_Task prompt:_ Return exactly the lines of the records below, starting at the line that contains "#59=EDGE_CURVE('E41',#58,#58,#56,.T.);" and ending at the line that contains "#69=VERTEX_POINT('',#68);", with both of those lines kept.
[Source records]
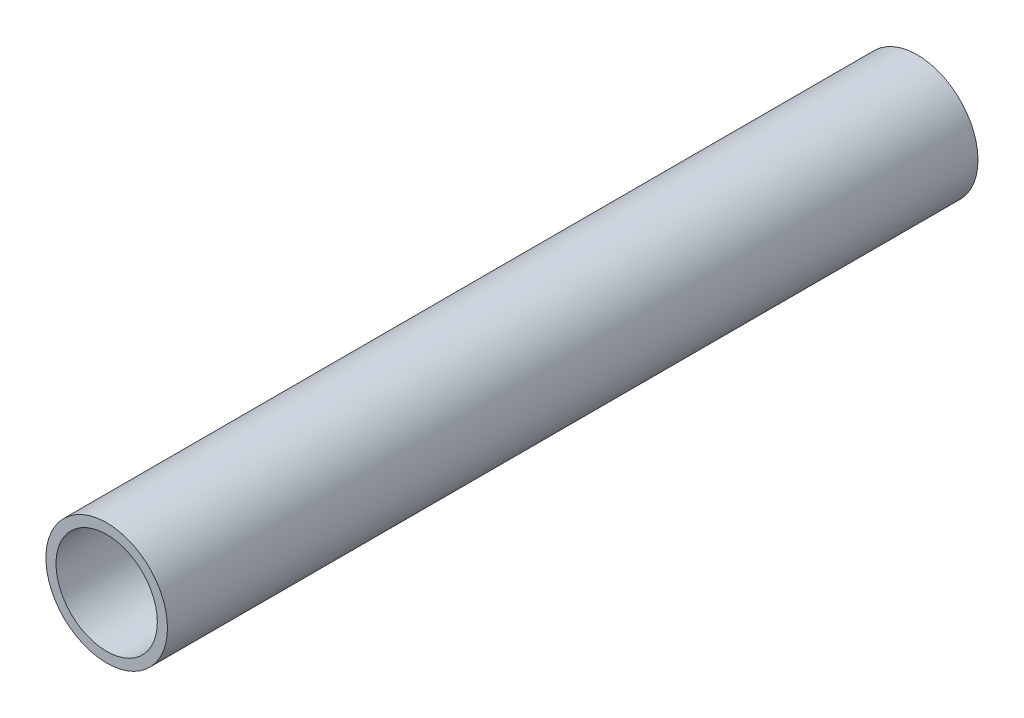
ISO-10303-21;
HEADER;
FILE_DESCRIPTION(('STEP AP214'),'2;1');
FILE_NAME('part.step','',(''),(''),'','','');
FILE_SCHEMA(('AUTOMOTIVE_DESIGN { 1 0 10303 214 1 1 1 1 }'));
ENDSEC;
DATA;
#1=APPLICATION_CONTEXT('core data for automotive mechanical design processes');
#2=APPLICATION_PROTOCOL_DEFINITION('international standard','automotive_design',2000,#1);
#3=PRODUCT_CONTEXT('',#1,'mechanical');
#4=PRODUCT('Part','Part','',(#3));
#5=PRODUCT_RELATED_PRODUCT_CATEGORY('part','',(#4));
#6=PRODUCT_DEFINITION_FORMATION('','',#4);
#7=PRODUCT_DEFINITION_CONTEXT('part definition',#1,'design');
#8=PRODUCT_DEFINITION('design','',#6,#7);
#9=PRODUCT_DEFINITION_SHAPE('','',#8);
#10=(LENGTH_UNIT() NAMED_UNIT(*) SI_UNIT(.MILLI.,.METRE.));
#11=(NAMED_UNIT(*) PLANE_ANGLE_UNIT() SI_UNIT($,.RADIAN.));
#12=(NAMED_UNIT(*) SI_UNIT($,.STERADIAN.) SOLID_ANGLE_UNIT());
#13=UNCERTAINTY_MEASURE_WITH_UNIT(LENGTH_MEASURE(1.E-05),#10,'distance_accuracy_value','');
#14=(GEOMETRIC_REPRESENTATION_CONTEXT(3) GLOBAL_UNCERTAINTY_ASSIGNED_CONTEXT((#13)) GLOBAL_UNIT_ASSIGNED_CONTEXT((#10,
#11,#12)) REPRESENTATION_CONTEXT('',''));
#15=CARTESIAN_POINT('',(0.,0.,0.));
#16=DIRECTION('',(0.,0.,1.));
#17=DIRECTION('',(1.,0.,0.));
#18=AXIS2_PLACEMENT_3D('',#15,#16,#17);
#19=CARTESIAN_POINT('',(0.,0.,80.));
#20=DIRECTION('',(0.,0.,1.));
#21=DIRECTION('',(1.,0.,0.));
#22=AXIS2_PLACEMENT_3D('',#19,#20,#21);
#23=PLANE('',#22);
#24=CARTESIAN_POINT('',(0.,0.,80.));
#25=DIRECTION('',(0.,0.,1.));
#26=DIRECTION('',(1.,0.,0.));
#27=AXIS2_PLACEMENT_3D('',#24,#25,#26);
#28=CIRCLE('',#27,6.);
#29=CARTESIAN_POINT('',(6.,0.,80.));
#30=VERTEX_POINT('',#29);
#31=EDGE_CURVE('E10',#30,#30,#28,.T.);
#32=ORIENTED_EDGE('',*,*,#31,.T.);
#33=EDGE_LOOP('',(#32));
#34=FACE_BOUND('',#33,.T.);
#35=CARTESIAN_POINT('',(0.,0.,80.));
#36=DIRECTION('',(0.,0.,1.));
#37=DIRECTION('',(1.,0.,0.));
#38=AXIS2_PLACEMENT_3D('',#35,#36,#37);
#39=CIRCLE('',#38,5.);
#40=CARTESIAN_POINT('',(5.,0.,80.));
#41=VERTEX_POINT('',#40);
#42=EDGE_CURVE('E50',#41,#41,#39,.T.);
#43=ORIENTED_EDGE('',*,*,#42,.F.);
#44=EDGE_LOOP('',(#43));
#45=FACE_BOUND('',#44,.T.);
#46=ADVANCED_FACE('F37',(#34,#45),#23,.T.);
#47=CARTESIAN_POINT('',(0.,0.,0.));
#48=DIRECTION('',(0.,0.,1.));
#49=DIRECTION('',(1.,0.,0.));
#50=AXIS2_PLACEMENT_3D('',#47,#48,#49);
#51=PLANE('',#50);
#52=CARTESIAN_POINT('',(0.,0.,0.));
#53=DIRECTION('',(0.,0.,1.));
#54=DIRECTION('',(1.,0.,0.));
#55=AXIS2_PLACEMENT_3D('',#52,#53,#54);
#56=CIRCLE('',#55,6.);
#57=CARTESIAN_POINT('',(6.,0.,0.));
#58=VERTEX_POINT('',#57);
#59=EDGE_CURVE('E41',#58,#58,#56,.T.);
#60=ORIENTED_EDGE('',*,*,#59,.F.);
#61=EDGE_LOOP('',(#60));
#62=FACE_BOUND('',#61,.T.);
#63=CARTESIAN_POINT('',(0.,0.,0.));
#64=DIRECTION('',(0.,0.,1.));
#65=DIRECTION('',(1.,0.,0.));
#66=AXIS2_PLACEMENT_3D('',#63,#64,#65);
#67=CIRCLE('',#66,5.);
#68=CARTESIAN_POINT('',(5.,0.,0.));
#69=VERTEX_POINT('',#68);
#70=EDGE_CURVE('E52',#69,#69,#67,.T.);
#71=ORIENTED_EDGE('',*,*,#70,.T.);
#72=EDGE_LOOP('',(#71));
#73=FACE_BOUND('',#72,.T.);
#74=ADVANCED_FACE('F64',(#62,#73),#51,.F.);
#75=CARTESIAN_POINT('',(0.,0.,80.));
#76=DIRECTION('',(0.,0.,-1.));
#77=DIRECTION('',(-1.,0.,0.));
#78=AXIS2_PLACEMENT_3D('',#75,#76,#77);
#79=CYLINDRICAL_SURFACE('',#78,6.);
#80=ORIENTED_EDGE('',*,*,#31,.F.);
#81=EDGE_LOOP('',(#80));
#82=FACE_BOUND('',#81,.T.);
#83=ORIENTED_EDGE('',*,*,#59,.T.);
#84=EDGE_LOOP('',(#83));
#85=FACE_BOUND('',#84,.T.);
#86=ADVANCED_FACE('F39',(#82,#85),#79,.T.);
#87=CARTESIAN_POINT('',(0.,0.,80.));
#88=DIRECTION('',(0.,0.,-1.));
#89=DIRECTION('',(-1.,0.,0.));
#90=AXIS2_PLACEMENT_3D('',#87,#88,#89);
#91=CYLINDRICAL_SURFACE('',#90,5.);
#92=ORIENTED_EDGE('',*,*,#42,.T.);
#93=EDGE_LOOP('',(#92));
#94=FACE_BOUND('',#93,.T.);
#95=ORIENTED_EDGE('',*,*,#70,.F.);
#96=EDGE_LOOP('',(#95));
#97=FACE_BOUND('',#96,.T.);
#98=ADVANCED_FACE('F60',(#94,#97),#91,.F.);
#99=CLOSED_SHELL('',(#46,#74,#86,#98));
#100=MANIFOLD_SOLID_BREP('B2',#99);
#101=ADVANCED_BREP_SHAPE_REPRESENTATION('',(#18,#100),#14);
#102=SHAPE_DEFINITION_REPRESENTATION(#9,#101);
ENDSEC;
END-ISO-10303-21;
[/Source records]
_Answer for this exercise:_
#59=EDGE_CURVE('E41',#58,#58,#56,.T.);
#60=ORIENTED_EDGE('',*,*,#59,.F.);
#61=EDGE_LOOP('',(#60));
#62=FACE_BOUND('',#61,.T.);
#63=CARTESIAN_POINT('',(0.,0.,0.));
#64=DIRECTION('',(0.,0.,1.));
#65=DIRECTION('',(1.,0.,0.));
#66=AXIS2_PLACEMENT_3D('',#63,#64,#65);
#67=CIRCLE('',#66,5.);
#68=CARTESIAN_POINT('',(5.,0.,0.));
#69=VERTEX_POINT('',#68);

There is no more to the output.